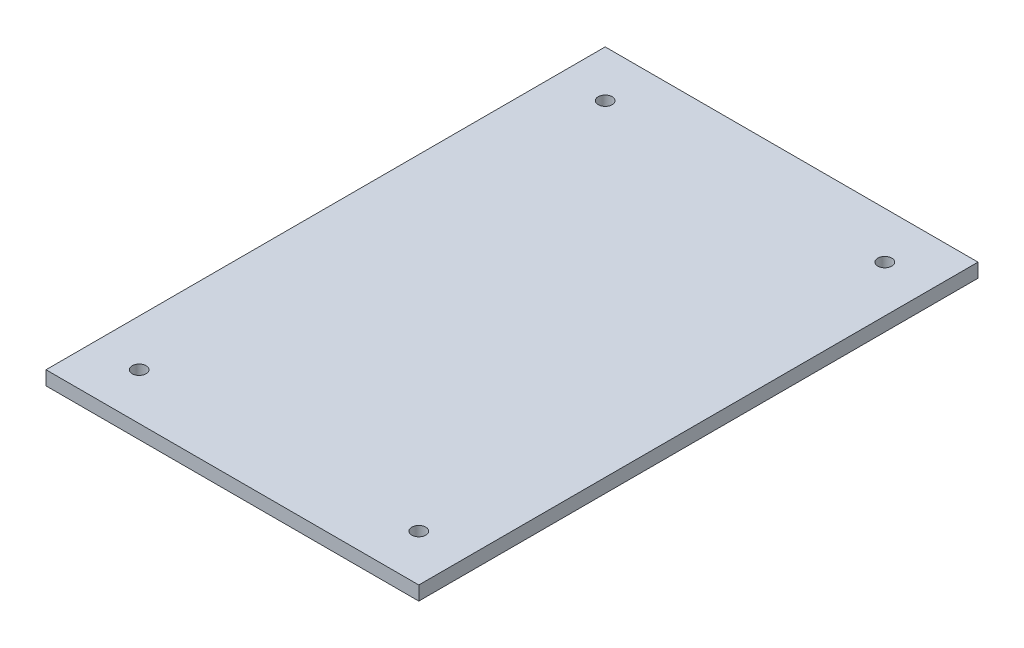
from build123d import *

# Parameters (mm, degrees)
SKETCH1_W           = 80
SKETCH1_H           = 120
BOSS_EXTRUDE1_DEPTH = 3
SKETCH3_R           = 1.5
CUT_EXTRUDE2_DEPTH  = 3


with BuildPart() as part:
    # Sketch1 → Boss-Extrude1 (new body)
    with BuildSketch(Plane(origin=(0, 0, 0), x_dir=(1, 0, 0), z_dir=(0, 1, 0))):
        Rectangle(SKETCH1_W, SKETCH1_H)
    extrude(amount=BOSS_EXTRUDE1_DEPTH)

    # Sketch3 → Cut-Extrude2 (cut)
    with BuildSketch(Plane(origin=(0, 3, 0), x_dir=(1, 0, 0), z_dir=(0, 1, 0))):
        with Locations(Location((-30, -50, 0), (0, 0, 270))):
            Circle(SKETCH3_R)
        with Locations(Location((30, -50, 0), (0, 0, 90))):
            Circle(SKETCH3_R)
        with Locations(Location((30, 50, 0), (0, 0, 270))):
            Circle(SKETCH3_R)
        with Locations(Location((-30, 50, 0), (0, 0, 90))):
            Circle(SKETCH3_R)
    extrude(amount=-CUT_EXTRUDE2_DEPTH, mode=Mode.SUBTRACT)


solid = part.part
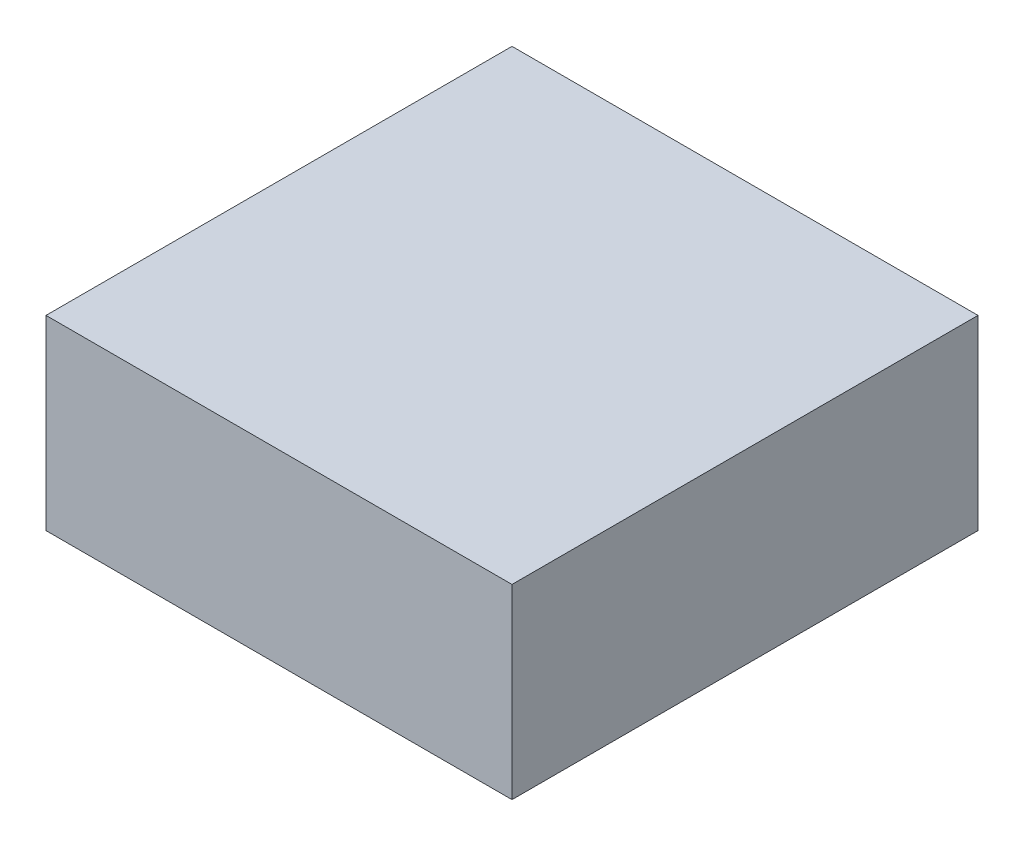
from build123d import *

# Parameters (mm, degrees)
IZIM1_W                     = 20
IZIM1_H                     = 20
Y_KSEKLIK_EKSTR_ZYON1_DEPTH = 8


with BuildPart() as part:
    # Çizim1 → Yükseklik-Ekstrüzyon1 (new body)
    with BuildSketch(Plane(origin=(0, 0, 0), x_dir=(1, 0, 0), z_dir=(0, 1, 0))):
        Rectangle(IZIM1_W, IZIM1_H)
    extrude(amount=Y_KSEKLIK_EKSTR_ZYON1_DEPTH)


solid = part.part

### REQUIRED ACTION
Would you output the listing above verbatim, without its pictures?

### EXERCISE SOLUTION
from build123d import *

# Parameters (mm, degrees)
SKETCH1_W           = 80
SKETCH1_H           = 120
BOSS_EXTRUDE1_DEPTH = 3
SKETCH3_R           = 1.5
CUT_EXTRUDE2_DEPTH  = 3


with BuildPart() as part:
    # Sketch1 → Boss-Extrude1 (new body)
    with BuildSketch(Plane(origin=(0, 0, 0), x_dir=(1, 0, 0), z_dir=(0, 1, 0))):
        Rectangle(SKETCH1_W, SKETCH1_H)
    extrude(amount=BOSS_EXTRUDE1_DEPTH)

    # Sketch3 → Cut-Extrude2 (cut)
    with BuildSketch(Plane(origin=(0, 3, 0), x_dir=(1, 0, 0), z_dir=(0, 1, 0))):
        with Locations(Location((-30, -50, 0), (0, 0, 270))):
            Circle(SKETCH3_R)
        with Locations(Location((30, -50, 0), (0, 0, 90))):
            Circle(SKETCH3_R)
        with Locations(Location((30, 50, 0), (0, 0, 270))):
            Circle(SKETCH3_R)
        with Locations(Location((-30, 50, 0), (0, 0, 90))):
            Circle(SKETCH3_R)
    extrude(amount=-CUT_EXTRUDE2_DEPTH, mode=Mode.SUBTRACT)


solid = part.part
from build123d import *

# Parameters (mm, degrees)
IZIM1_W                     = 20
IZIM1_H                     = 20
Y_KSEKLIK_EKSTR_ZYON1_DEPTH = 8


with BuildPart() as part:
    # Çizim1 → Yükseklik-Ekstrüzyon1 (new body)
    with BuildSketch(Plane(origin=(0, 0, 0), x_dir=(1, 0, 0), z_dir=(0, 1, 0))):
        Rectangle(IZIM1_W, IZIM1_H)
    extrude(amount=Y_KSEKLIK_EKSTR_ZYON1_DEPTH)


solid = part.part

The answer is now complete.